Ask HN: What is your personal computer setup? - fakeer

Mac, Linux, Windows or anything else.<p>Software:<p>The apps you use and(maybe) mention what purpose you use it for and in what way use it.<p>Any scripts(or some OS settings) that you use a lot and in a generic way to make life on your computer(and even outside of it) easier.<p>Or anything else you feel like sharing, sth that helps others.<p>Hardware:<p>What hardware you use other than the laptop, CPU etc. Something like external hard disk or maybe speakers. Components like a time capsule etc.
======
bluepanda_
Config 1 (Windows for gaming and Matlab, linux for hacking):

    
    
        Thinkpad X220, i7, 8GB RAM, 128GB SSD + 64GB PCIE SSD
    
        OS: Dual boot Windows 7 + Arch Linux (with awesome wm)
    
        Software: 
    
            Linux: vim, firefox + vimperator, gimp, Thunderbird, latex
    
            Windows: Steam, Matlab
    

Config 2 (iOS dev):

    
    
        Macbook Air, i5, 4GB RAM, 128GB SSD
    
        OS: OSX 10.7
    
        Software: Xcode, Chrome, vim, Photoshop, Mail, LibreOffice, latex

------
aespinoza
Hardware: HP Envy 17/Intel i7/16 GB Ram/250 GB SSD & 1 TB

OS: Windows 8/elementaryos Luna

Software: Emacs, Visual Studio 2012, IntelliJ IDEA 12,

MongDB, Postgresql, Chrome, Firefox, IE, Opera and Safari.
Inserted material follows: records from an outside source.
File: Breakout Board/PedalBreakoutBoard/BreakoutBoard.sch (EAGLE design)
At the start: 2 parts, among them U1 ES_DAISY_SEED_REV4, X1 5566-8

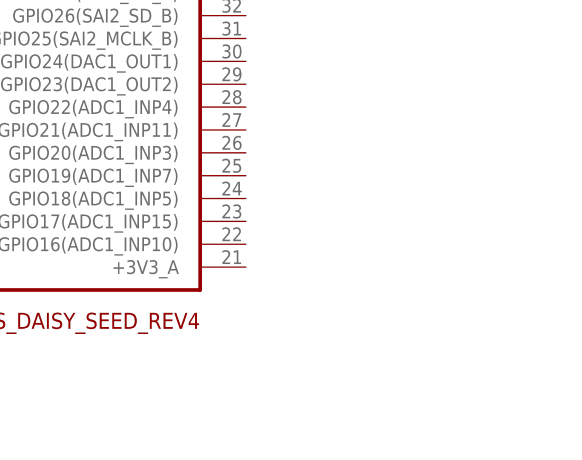
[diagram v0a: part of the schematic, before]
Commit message: DP-16 - Add LED molex
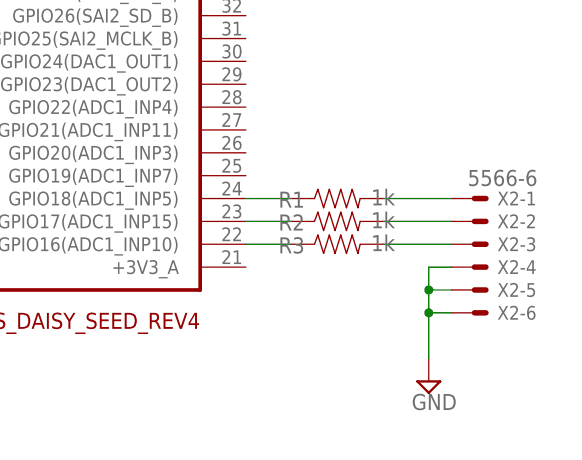
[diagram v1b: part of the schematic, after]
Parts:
- added R1, R2, R3: 1k, SparkFun-Resistors:1KOHM-HORIZ-1/4W-5%
- added X2: 5566-6, con-molex:5566-6
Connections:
- new net N$10: R3.2, X2-3.S
- new net N$5: R1.1, U1.GPIO18(ADC1_INP5)
- new net N$6: R2.1, U1.GPIO17(ADC1_INP15)
- new net N$7: R3.1, U1.GPIO16(ADC1_INP10)
- new net N$8: R1.2, X2-1.S
- new net N$9: R2.2, X2-2.S
- net GND: now also X2-4.S, X2-5.S, X2-6.S
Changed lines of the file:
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@@
 <groups>
 <schematic_group name="AUDIO_MOLEX"/>
+<schematic_group name="LED_MOLEX"/>
 </groups>
 <parts>
@@
 <part name="X1" library="con-molex" library_urn="urn:adsk.eagle:library:165" deviceset="5566-8" device="" package3d_urn="urn:adsk.eagle:package:8078580/1"/>
 <part name="SUPPLY3" library="supply2" library_urn="urn:adsk.eagle:library:372" deviceset="GND" device=""/>
+<part name="X2" library="con-molex" library_urn="urn:adsk.eagle:library:165" deviceset="5566-6" device="" package3d_urn="urn:adsk.eagle:package:8078581/1"/>
+<part name="SUPPLY4" library="supply2" library_urn="urn:adsk.eagle:library:372" deviceset="GND" device=""/>
+<part name="R1" library="SparkFun-Resistors" library_urn="urn:adsk.eagle:library:532" deviceset="1KOHM" device="-HORIZ-1/4W-5%" package3d_urn="urn:adsk.eagle:package:39658/1" value="1k"/>
+<part name="R2" library="SparkFun-Resistors" library_urn="urn:adsk.eagle:library:532" deviceset="1KOHM" device="-HORIZ-1/4W-5%" package3d_urn="urn:adsk.eagle:package:39658/1" value="1k"/>
+<part name="R3" library="SparkFun-Resistors" library_urn="urn:adsk.eagle:library:532" deviceset="1KOHM" device="-HORIZ-1/4W-5%" package3d_urn="urn:adsk.eagle:package:39658/1" value="1k"/>
 </parts>
 <sheets>
@@
 <instance part="SUPPLY3" gate="GND" x="50.8" y="50.8" smashed="yes">
 <attribute name="VALUE" x="48.895" y="47.625" size="1.778" layer="96"/>
+</instance>
+<instance part="X2" gate="-1" x="160.02" y="73.66" smashed="yes" grouprefs="LED_MOLEX">
+<attribute name="NAME" x="162.56" y="72.898" size="1.524" layer="95"/>
+<attribute name="VALUE" x="159.258" y="75.057" size="1.778" layer="96"/>
+</instance>
+<instance part="X2" gate="-2" x="160.02" y="71.12" smashed="yes" grouprefs="LED_MOLEX">
+<attribute name="NAME" x="162.56" y="70.358" size="1.524" layer="95"/>
+</instance>
+<instance part="X2" gate="-3" x="160.02" y="68.58" smashed="yes" grouprefs="LED_MOLEX">
+<attribute name="NAME" x="162.56" y="67.818" size="1.524" layer="95"/>
+</instance>
+<instance part="X2" gate="-4" x="160.02" y="66.04" smashed="yes" grouprefs="LED_MOLEX">
+<attribute name="NAME" x="162.56" y="65.278" size="1.524" layer="95"/>
+</instance>
+<instance part="X2" gate="-5" x="160.02" y="63.5" smashed="yes" grouprefs="LED_MOLEX">
+<attribute name="NAME" x="162.56" y="62.738" size="1.524" layer="95"/>
+</instance>
+<instance part="X2" gate="-6" x="160.02" y="60.96" smashed="yes" grouprefs="LED_MOLEX">
+<attribute name="NAME" x="162.56" y="60.198" size="1.524" layer="95"/>
+</instance>
+<instance part="SUPPLY4" gate="GND" x="154.94" y="53.34" smashed="yes">
+<attribute name="VALUE" x="153.035" y="50.165" size="1.778" layer="96"/>
+</instance>
+<instance part="R1" gate="G$1" x="144.78" y="73.66" smashed="yes">
+<attribute name="NAME" x="139.7" y="72.644" size="1.778" layer="95" font="vector" align="bottom-center"/>
+<attribute name="VALUE" x="149.86" y="74.676" size="1.778" layer="96" font="vector" align="top-center"/>
+</instance>
+<instance part="R2" gate="G$1" x="144.78" y="71.12" smashed="yes">
+<attribute name="NAME" x="139.7" y="70.104" size="1.778" layer="95" font="vector" align="bottom-center"/>
+<attribute name="VALUE" x="149.86" y="72.136" size="1.778" layer="96" font="vector" align="top-center"/>
+</instance>
+<instance part="R3" gate="G$1" x="144.78" y="68.58" smashed="yes">
+<attribute name="NAME" x="139.7" y="67.564" size="1.778" layer="95" font="vector" align="bottom-center"/>
+<attribute name="VALUE" x="149.86" y="69.596" size="1.778" layer="96" font="vector" align="top-center"/>
 </instance>
 </instances>
@@
 <junction x="50.8" y="63.5"/>
 </segment>
+<segment>
+<pinref part="X2" gate="-6" pin="S"/>
+<wire x1="157.48" y1="60.96" x2="154.94" y2="60.96" width="0.1524" layer="91"/>
+<pinref part="SUPPLY4" gate="GND" pin="GND"/>
+<wire x1="154.94" y1="60.96" x2="154.94" y2="55.88" width="0.1524" layer="91"/>
+<pinref part="X2" gate="-5" pin="S"/>
+<wire x1="157.48" y1="63.5" x2="154.94" y2="63.5" width="0.1524" layer="91"/>
+<wire x1="154.94" y1="63.5" x2="154.94" y2="60.96" width="0.1524" layer="91"/>
+<junction x="154.94" y="60.96"/>
+<pinref part="X2" gate="-4" pin="S"/>
+<wire x1="157.48" y1="66.04" x2="154.94" y2="66.04" width="0.1524" layer="91"/>
+<wire x1="154.94" y1="66.04" x2="154.94" y2="63.5" width="0.1524" layer="91"/>
+<junction x="154.94" y="63.5"/>
+</segment>
 </net>
 <net name="N$1" class="0">
@@
 </segment>
 </net>
+<net name="N$5" class="0">
+<segment>
+<pinref part="U1" gate="G$1" pin="GPIO18(ADC1_INP5)"/>
+<pinref part="R1" gate="G$1" pin="1"/>
+<wire x1="134.62" y1="73.66" x2="139.7" y2="73.66" width="0.1524" layer="91"/>
+</segment>
+</net>
+<net name="N$6" class="0">
+<segment>
+<pinref part="U1" gate="G$1" pin="GPIO17(ADC1_INP15)"/>
+<pinref part="R2" gate="G$1" pin="1"/>
+<wire x1="134.62" y1="71.12" x2="139.7" y2="71.12" width="0.1524" layer="91"/>
+</segment>
+</net>
+<net name="N$7" class="0">
+<segment>
+<pinref part="U1" gate="G$1" pin="GPIO16(ADC1_INP10)"/>
+<pinref part="R3" gate="G$1" pin="1"/>
+<wire x1="134.62" y1="68.58" x2="139.7" y2="68.58" width="0.1524" layer="91"/>
+</segment>
+</net>
+<net name="N$8" class="0">
+<segment>
+<pinref part="R1" gate="G$1" pin="2"/>
+<pinref part="X2" gate="-1" pin="S"/>
+<wire x1="149.86" y1="73.66" x2="157.48" y2="73.66" width="0.1524" layer="91"/>
+</segment>
+</net>
+<net name="N$9" class="0">
+<segment>
+<pinref part="R2" gate="G$1" pin="2"/>
+<pinref part="X2" gate="-2" pin="S"/>
+<wire x1="149.86" y1="71.12" x2="157.48" y2="71.12" width="0.1524" layer="91"/>
+</segment>
+</net>
+<net name="N$10" class="0">
+<segment>
+<pinref part="R3" gate="G$1" pin="2"/>
+<pinref part="X2" gate="-3" pin="S"/>
+<wire x1="149.86" y1="68.58" x2="157.48" y2="68.58" width="0.1524" layer="91"/>
+</segment>
+</net>

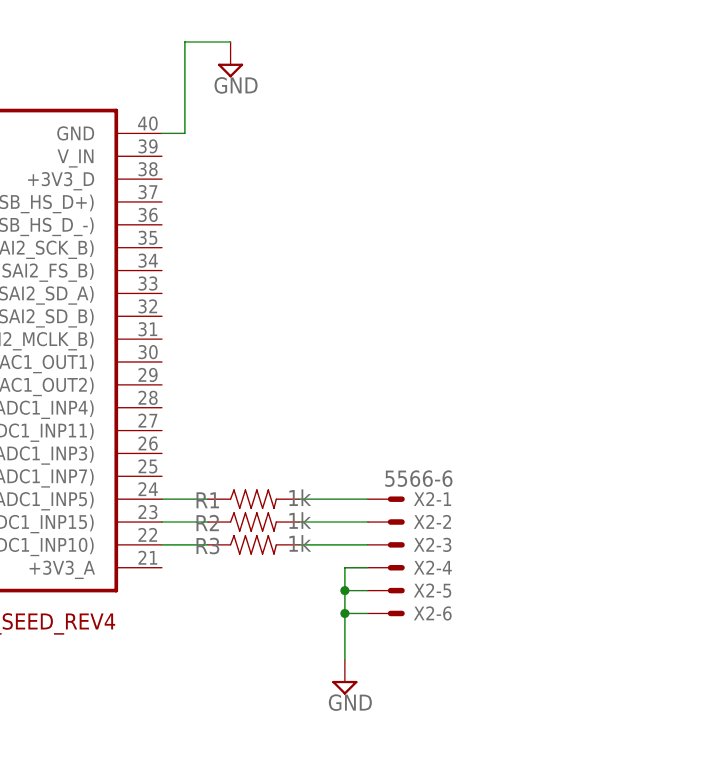
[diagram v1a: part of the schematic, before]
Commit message: DP-16 - Update LED molex
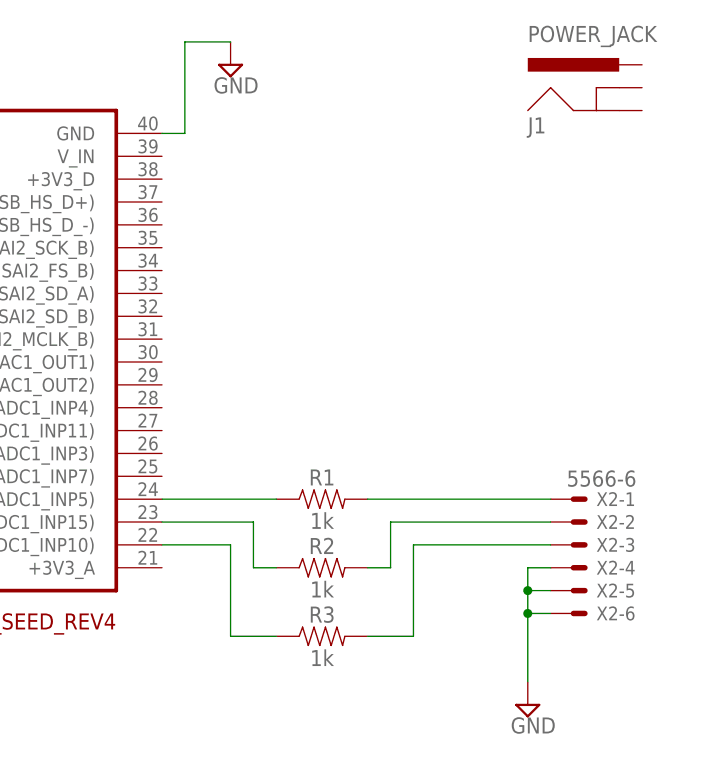
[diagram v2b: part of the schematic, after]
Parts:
- added J1: POWER_JACK, SparkFun-Connectors:POWER_JACK
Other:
- moved on the sheet: R1, R2, R3, X2-1, X2-2, X2-3, X2-4, X2-5, X2-6
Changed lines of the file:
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@@
 <part name="R2" library="SparkFun-Resistors" library_urn="urn:adsk.eagle:library:532" deviceset="1KOHM" device="-HORIZ-1/4W-5%" package3d_urn="urn:adsk.eagle:package:39658/1" value="1k"/>
 <part name="R3" library="SparkFun-Resistors" library_urn="urn:adsk.eagle:library:532" deviceset="1KOHM" device="-HORIZ-1/4W-5%" package3d_urn="urn:adsk.eagle:package:39658/1" value="1k"/>
+<part name="J1" library="SparkFun-Connectors" library_urn="urn:adsk.eagle:library:513" deviceset="POWER_JACK" device="" package3d_urn="urn:adsk.eagle:package:38231/1"/>
 </parts>
 <sheets>
@@
 <attribute name="VALUE" x="48.895" y="47.625" size="1.778" layer="96"/>
 </instance>
-<instance part="X2" gate="-1" x="160.02" y="73.66" smashed="yes" grouprefs="LED_MOLEX">
-<attribute name="NAME" x="162.56" y="72.898" size="1.524" layer="95"/>
-<attribute name="VALUE" x="159.258" y="75.057" size="1.778" layer="96"/>
-</instance>
-<instance part="X2" gate="-2" x="160.02" y="71.12" smashed="yes" grouprefs="LED_MOLEX">
-<attribute name="NAME" x="162.56" y="70.358" size="1.524" layer="95"/>
-</instance>
-<instance part="X2" gate="-3" x="160.02" y="68.58" smashed="yes" grouprefs="LED_MOLEX">
-<attribute name="NAME" x="162.56" y="67.818" size="1.524" layer="95"/>
-</instance>
-<instance part="X2" gate="-4" x="160.02" y="66.04" smashed="yes" grouprefs="LED_MOLEX">
-<attribute name="NAME" x="162.56" y="65.278" size="1.524" layer="95"/>
-</instance>
-<instance part="X2" gate="-5" x="160.02" y="63.5" smashed="yes" grouprefs="LED_MOLEX">
-<attribute name="NAME" x="162.56" y="62.738" size="1.524" layer="95"/>
-</instance>
-<instance part="X2" gate="-6" x="160.02" y="60.96" smashed="yes" grouprefs="LED_MOLEX">
-<attribute name="NAME" x="162.56" y="60.198" size="1.524" layer="95"/>
-</instance>
-<instance part="SUPPLY4" gate="GND" x="154.94" y="53.34" smashed="yes">
-<attribute name="VALUE" x="153.035" y="50.165" size="1.778" layer="96"/>
-</instance>
-<instance part="R1" gate="G$1" x="144.78" y="73.66" smashed="yes">
-<attribute name="NAME" x="139.7" y="72.644" size="1.778" layer="95" font="vector" align="bottom-center"/>
-<attribute name="VALUE" x="149.86" y="74.676" size="1.778" layer="96" font="vector" align="top-center"/>
-</instance>
-<instance part="R2" gate="G$1" x="144.78" y="71.12" smashed="yes">
-<attribute name="NAME" x="139.7" y="70.104" size="1.778" layer="95" font="vector" align="bottom-center"/>
-<attribute name="VALUE" x="149.86" y="72.136" size="1.778" layer="96" font="vector" align="top-center"/>
-</instance>
-<instance part="R3" gate="G$1" x="144.78" y="68.58" smashed="yes">
-<attribute name="NAME" x="139.7" y="67.564" size="1.778" layer="95" font="vector" align="bottom-center"/>
-<attribute name="VALUE" x="149.86" y="69.596" size="1.778" layer="96" font="vector" align="top-center"/>
+<instance part="X2" gate="-1" x="180.34" y="73.66" smashed="yes" grouprefs="LED_MOLEX">
+<attribute name="NAME" x="182.88" y="72.898" size="1.524" layer="95"/>
+<attribute name="VALUE" x="179.578" y="75.057" size="1.778" layer="96"/>
+</instance>
+<instance part="X2" gate="-2" x="180.34" y="71.12" smashed="yes" grouprefs="LED_MOLEX">
+<attribute name="NAME" x="182.88" y="70.358" size="1.524" layer="95"/>
+</instance>
+<instance part="X2" gate="-3" x="180.34" y="68.58" smashed="yes" grouprefs="LED_MOLEX">
+<attribute name="NAME" x="182.88" y="67.818" size="1.524" layer="95"/>
+</instance>
+<instance part="X2" gate="-4" x="180.34" y="66.04" smashed="yes" grouprefs="LED_MOLEX">
+<attribute name="NAME" x="182.88" y="65.278" size="1.524" layer="95"/>
+</instance>
+<instance part="X2" gate="-5" x="180.34" y="63.5" smashed="yes" grouprefs="LED_MOLEX">
+<attribute name="NAME" x="182.88" y="62.738" size="1.524" layer="95"/>
+</instance>
+<instance part="X2" gate="-6" x="180.34" y="60.96" smashed="yes" grouprefs="LED_MOLEX">
+<attribute name="NAME" x="182.88" y="60.198" size="1.524" layer="95"/>
+</instance>
+<instance part="SUPPLY4" gate="GND" x="175.26" y="50.8" smashed="yes">
+<attribute name="VALUE" x="173.355" y="47.625" size="1.778" layer="96"/>
+</instance>
+<instance part="R1" gate="G$1" x="152.4" y="73.66" smashed="yes">
+<attribute name="NAME" x="152.4" y="75.184" size="1.778" layer="95" font="vector" align="bottom-center"/>
+<attribute name="VALUE" x="152.4" y="72.136" size="1.778" layer="96" font="vector" align="top-center"/>
+</instance>
+<instance part="R2" gate="G$1" x="152.4" y="66.04" smashed="yes">
+<attribute name="NAME" x="152.4" y="67.564" size="1.778" layer="95" font="vector" align="bottom-center"/>
+<attribute name="VALUE" x="152.4" y="64.516" size="1.778" layer="96" font="vector" align="top-center"/>
+</instance>
+<instance part="R3" gate="G$1" x="152.4" y="58.42" smashed="yes">
+<attribute name="NAME" x="152.4" y="59.944" size="1.778" layer="95" font="vector" align="bottom-center"/>
+<attribute name="VALUE" x="152.4" y="56.896" size="1.778" layer="96" font="vector" align="top-center"/>
+</instance>
+<instance part="J1" gate="G$1" x="185.42" y="114.3" smashed="yes">
+<attribute name="VALUE" x="175.26" y="124.46" size="1.778" layer="96" font="vector"/>
+<attribute name="NAME" x="175.26" y="114.3" size="1.778" layer="95" font="vector"/>
 </instance>
 </instances>
@@
 <segment>
 <pinref part="X2" gate="-6" pin="S"/>
-<wire x1="157.48" y1="60.96" x2="154.94" y2="60.96" width="0.1524" layer="91"/>
+<wire x1="177.8" y1="60.96" x2="175.26" y2="60.96" width="0.1524" layer="91"/>
 <pinref part="SUPPLY4" gate="GND" pin="GND"/>
-<wire x1="154.94" y1="60.96" x2="154.94" y2="55.88" width="0.1524" layer="91"/>
+<wire x1="175.26" y1="60.96" x2="175.26" y2="53.34" width="0.1524" layer="91"/>
 <pinref part="X2" gate="-5" pin="S"/>
-<wire x1="157.48" y1="63.5" x2="154.94" y2="63.5" width="0.1524" layer="91"/>
-<wire x1="154.94" y1="63.5" x2="154.94" y2="60.96" width="0.1524" layer="91"/>
-<junction x="154.94" y="60.96"/>
+<wire x1="177.8" y1="63.5" x2="175.26" y2="63.5" width="0.1524" layer="91"/>
+<wire x1="175.26" y1="63.5" x2="175.26" y2="60.96" width="0.1524" layer="91"/>
+<junction x="175.26" y="60.96"/>
 <pinref part="X2" gate="-4" pin="S"/>
-<wire x1="157.48" y1="66.04" x2="154.94" y2="66.04" width="0.1524" layer="91"/>
-<wire x1="154.94" y1="66.04" x2="154.94" y2="63.5" width="0.1524" layer="91"/>
-<junction x="154.94" y="63.5"/>
+<wire x1="177.8" y1="66.04" x2="175.26" y2="66.04" width="0.1524" layer="91"/>
+<wire x1="175.26" y1="66.04" x2="175.26" y2="63.5" width="0.1524" layer="91"/>
+<junction x="175.26" y="63.5"/>
 </segment>
 </net>
@@
 <pinref part="U1" gate="G$1" pin="GPIO18(ADC1_INP5)"/>
 <pinref part="R1" gate="G$1" pin="1"/>
-<wire x1="134.62" y1="73.66" x2="139.7" y2="73.66" width="0.1524" layer="91"/>
-</segment>
-</net>
-<net name="N$6" class="0">
-<segment>
-<pinref part="U1" gate="G$1" pin="GPIO17(ADC1_INP15)"/>
-<pinref part="R2" gate="G$1" pin="1"/>
-<wire x1="134.62" y1="71.12" x2="139.7" y2="71.12" width="0.1524" layer="91"/>
-</segment>
-</net>
-<net name="N$7" class="0">
-<segment>
-<pinref part="U1" gate="G$1" pin="GPIO16(ADC1_INP10)"/>
-<pinref part="R3" gate="G$1" pin="1"/>
-<wire x1="134.62" y1="68.58" x2="139.7" y2="68.58" width="0.1524" layer="91"/>
+<wire x1="134.62" y1="73.66" x2="147.32" y2="73.66" width="0.1524" layer="91"/>
 </segment>
 </net>
@@
 <pinref part="R1" gate="G$1" pin="2"/>
 <pinref part="X2" gate="-1" pin="S"/>
-<wire x1="149.86" y1="73.66" x2="157.48" y2="73.66" width="0.1524" layer="91"/>
+<wire x1="157.48" y1="73.66" x2="177.8" y2="73.66" width="0.1524" layer="91"/>
+</segment>
+</net>
+<net name="N$6" class="0">
+<segment>
+<pinref part="U1" gate="G$1" pin="GPIO17(ADC1_INP15)"/>
+<wire x1="134.62" y1="71.12" x2="144.78" y2="71.12" width="0.1524" layer="91"/>
+<wire x1="144.78" y1="71.12" x2="144.78" y2="66.04" width="0.1524" layer="91"/>
+<pinref part="R2" gate="G$1" pin="1"/>
+<wire x1="144.78" y1="66.04" x2="147.32" y2="66.04" width="0.1524" layer="91"/>
+</segment>
+</net>
+<net name="N$7" class="0">
+<segment>
+<pinref part="U1" gate="G$1" pin="GPIO16(ADC1_INP10)"/>
+<wire x1="134.62" y1="68.58" x2="142.24" y2="68.58" width="0.1524" layer="91"/>
+<wire x1="142.24" y1="68.58" x2="142.24" y2="58.42" width="0.1524" layer="91"/>
+<pinref part="R3" gate="G$1" pin="1"/>
+<wire x1="142.24" y1="58.42" x2="147.32" y2="58.42" width="0.1524" layer="91"/>
 </segment>
 </net>
@@
 <segment>
 <pinref part="R2" gate="G$1" pin="2"/>
+<wire x1="157.48" y1="66.04" x2="160.02" y2="66.04" width="0.1524" layer="91"/>
+<wire x1="160.02" y1="66.04" x2="160.02" y2="71.12" width="0.1524" layer="91"/>
 <pinref part="X2" gate="-2" pin="S"/>
-<wire x1="149.86" y1="71.12" x2="157.48" y2="71.12" width="0.1524" layer="91"/>
+<wire x1="160.02" y1="71.12" x2="177.8" y2="71.12" width="0.1524" layer="91"/>
 </segment>
 </net>
@@
 <segment>
 <pinref part="R3" gate="G$1" pin="2"/>
+<wire x1="157.48" y1="58.42" x2="162.56" y2="58.42" width="0.1524" layer="91"/>
+<wire x1="162.56" y1="58.42" x2="162.56" y2="68.58" width="0.1524" layer="91"/>
 <pinref part="X2" gate="-3" pin="S"/>
-<wire x1="149.86" y1="68.58" x2="157.48" y2="68.58" width="0.1524" layer="91"/>
-</segment>
-</net>
+<wire x1="162.56" y1="68.58" x2="177.8" y2="68.58" width="0.1524" layer="91"/>
+</segment>
+</net>

Languages used for Development: C#, Java, Javascript, Python, HTML5, C/C++.

------
logn
Macbook Air 11 inch (Mid 2011, refurbished, 4 GB RAM, 128 GB SSD, 1.6 GHz Core
i5), OS X, Aptana Studio 3, Eclipse, Text Wrangler, Vim, Brew, Libre Office,
Firefox, Sophos Anti-Virus, Google Music/Pandora/Spotify, POSIXplorer. Primary
language: JavaScript (SilkJS app server, Riak database)

------
dylangs1030
Hardware:

MacBook Pro, 2011, 4 GB RAM, 250 GB HDD.

Operating System:

Dual Boot Mac OS X Mountain Lion & Ubuntu Linux 12.10

Software (by purpose):

OS X: BBEdit, Emacs, WebStorm, Microsoft Office 2011, Adobe CS6, WriteRoom,
MarsEdit, Chrome, Firefox.

Linux: Emacs, Eclipse, LibreOffice, Gimp, --, Chrome, Firefox.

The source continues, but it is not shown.